Ask HN: What are the facts in the Google v Bing scuffle? - mey

"Facts" I have read, please correct me in what is wrong, incorrect or missing.<p>#1 Google suspected MS/Bing of straight copying their search results.<p>#2 Google setup a honeypot like system.  Landing pages indexed bogus terms in their system.  Essentially noise, that would not exist previously as a search term in either system<p>#3 Google used a web browser, with the Bing toolbar to navigate bogus search terms<p>#4 In turn, this user activity was used to cross link a term entered by the user to a web page in MS/Bing's system.<p>So this opens up the can of worms about user privacy, content ownership (lets drag up the deep linking hysteria of several years ago), morality/legality etc etc etc.<p>But how exactly did Bing violate Google's terms exactly?<p>Did Google invalidate their own data by simply using the bing toolbar?  Accepting legal terms of the toolbar, device, OS by using it?<p>Who "owns" the content the user "created" by typing in a search term and clicking a link?
======
user24
I think that Google are claiming that Bing were specifically spying on Bing
users clicking on Google results.

My position is that it's simpler to assume that Bing were spying on Bing users
regardless of what page they were on, a side-effect of which is that Google
had a lot of influence over-all, especially noticeable on 'long tail' queries.

"How exactly did Bing violate Google's terms". I don't know.

"Who "owns" the content the user "created" by typing in a search term and
clicking a link?" Good question, I don't think there can be a definitive
answer to this. Google can make a decent case that they own it (just like they
own the directions given between two points on google maps, it's a consequence
of their algorithm). But I think that's missing the point that, if I'm right,
Bing weren't just targeting Google, they were targeting everyone.

Obvious sarcastic reply: "Oh it's all ok, Bing were spying on _everyone_ guys,
not just Google users, yay!" but that neatly brushes under the carpet the fact
that _everyone_ who runs a website spies on their users to some extent. This
underpins the entire business model of most web businesses, especially search.

------
coderdude
>Who "owns" the content the user "created" by typing in a search term and
clicking a link?

I'm not sure that's the issue here. Unless I've misunderstood, what Bing is
doing essentially lets them duplicate whatever improvements in results that
Google innovates on.
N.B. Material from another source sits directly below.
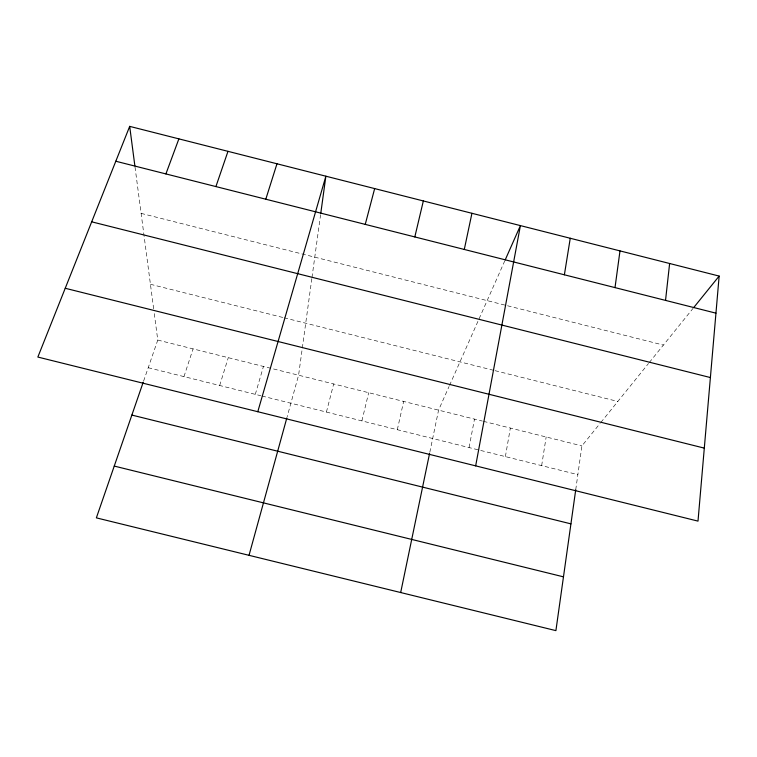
<?xml version="1.0" encoding="UTF-8"?>
<svg xmlns="http://www.w3.org/2000/svg" width="757" height="757" viewBox="0 0 757 757"><rect width="100%" height="100%" fill="white"/><g stroke="black" fill="none" stroke-linecap="round" stroke-linejoin="round"><path stroke-width="0.57" stroke-dasharray="3.79 2.84" d="M311.837 278.585L298.589 375.207L287.149 416.776M311.988 277.459L320.58 214.77M575.736 489.713L581.906 445.901L600.15 423.333M541.652 465.631L546.157 436.988M505.383 456.603L510.35 428.046M469.056 447.557L474.488 419.104M429.825 452.241L438.568 410.143L449.043 386.515M397.311 429.702L403.651 401.428M361.893 420.892L368.687 392.703M326.418 412.063L333.667 383.96M255.298 394.359L263.464 366.445M219.662 385.493L228.283 357.664M183.97 376.608L193.054 348.873M143.603 381.093L157.768 340.073L154.106 312.225M449.516 385.445L504.72 260.976M600.85 422.463L648.55 363.436M649.298 362.518L693.109 308.298M148.221 367.713L260.862 395.741M261.969 396.025L577.856 474.639M157.768 340.073L482.332 421.062M483.449 421.337L581.906 445.901M141.114 213.37L506.405 305.478M507.54 305.762L663.397 345.069M150.435 284.282L282.938 317.495M284.083 317.779L493.886 370.381M495.021 370.665L617.835 401.447M135.02 167.032L153.955 311.07"/><path stroke-width="1.14" d="M719.15 276.078L698.001 521.119L37.85 357.058L129.684 126.372L719.15 276.078L693.857 307.38M665.535 300.406L669.623 263.502M320.741 213.606L325.87 176.201L257.787 411.713M615.015 287.613L619.992 250.898M575.736 489.713L555.903 630.628L96.366 517.864L143.215 382.209M564.381 274.8L570.258 238.266M475.661 465.867L520.409 225.605L505.184 259.944M400.68 592.542L429.588 453.386M464.287 249.46L471.933 213.294M414.817 236.932L423.343 200.955M365.252 224.384L374.658 188.588M249.025 555.326L286.846 417.911M265.792 199.214L276.977 163.777M215.906 186.582L227.98 151.334M165.906 173.921L178.879 138.872M114.25 466.075L563.473 576.843M131.869 415.073L570.929 523.863M65.234 288.266L704.303 448.125M91.682 221.82L710.397 377.554M115.802 161.241L715.952 313.161M129.684 126.372L134.869 165.868"/></g></svg>
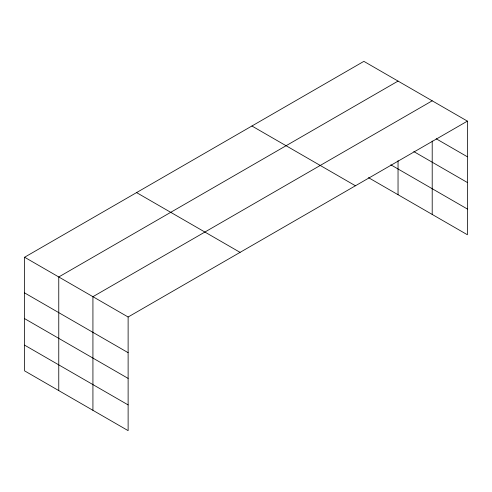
<?xml version="1.0" encoding="UTF-8"?>
<svg xmlns="http://www.w3.org/2000/svg" width="492" height="492" viewBox="0 0 492 492"><rect width="100%" height="100%" fill="white"/><g stroke="black" fill="none" stroke-linecap="round" stroke-linejoin="round"><path stroke-width="0.74" d="M467.4 121.13L363.877 61.359L24.6 257.242L24.6 370.87L128.123 430.641L128.123 317.008L467.4 121.13L467.4 234.758L368.477 177.643M398.04 81.088L58.763 276.965L58.763 390.593M432.204 100.811L92.926 296.688L92.926 410.316M436.189 138.775L467.4 156.794M413.809 151.585L467.4 182.526M390.814 164.814L467.4 209.032M251.916 126.001L355.439 185.773M136.561 192.6L240.084 252.371M24.6 257.242L128.123 317.008M24.6 292.906L128.123 352.678M24.6 318.638L128.123 378.403M24.6 345.144L128.123 404.91M432.204 141.013L432.204 214.438M398.04 160.656L398.04 194.715"/></g></svg>

Google doesn't want Bing to reap the benefits of their
hard work and money spent on improving their tech. I believe what Bing is
doing is preventing Google from competing on a technical level. Honestly
though, I'm still a little lost myself. There is a lot of back-and-forth going
on here so it's difficult to distill the facts and weed out what is simply
opinion.

------
stevenae
My impression is that Google is not claiming a violation of terms, and
certainly they have not stated an intention to take legal action. Google is
claiming instead that any comparison of its own results with Bing's should be
taken with the grain of salt that Bing (apparently) is not above "Googling"
queries it doesn't have an answer to itself.

Hence why the last line of the official blog post on the matter is "we'd like
for this practice to stop," and nothing stronger. This is PR, not litigation.

------
HardyLeung
In my opinion, Bing did not violate Google's TOS because Bing did not use
Google's service. The user did, and by installing Bing Toolbar the user gives
Bing permission to spy on his/her search (per the Toolbar's TOS, which I
presume is carefully written).

I find this bickering between Google and Microsoft amusing. Instead of the
concerted public humiliation, a simple private call to Dean, and a public
"Yeah, they copied us, and you know why" would suffice.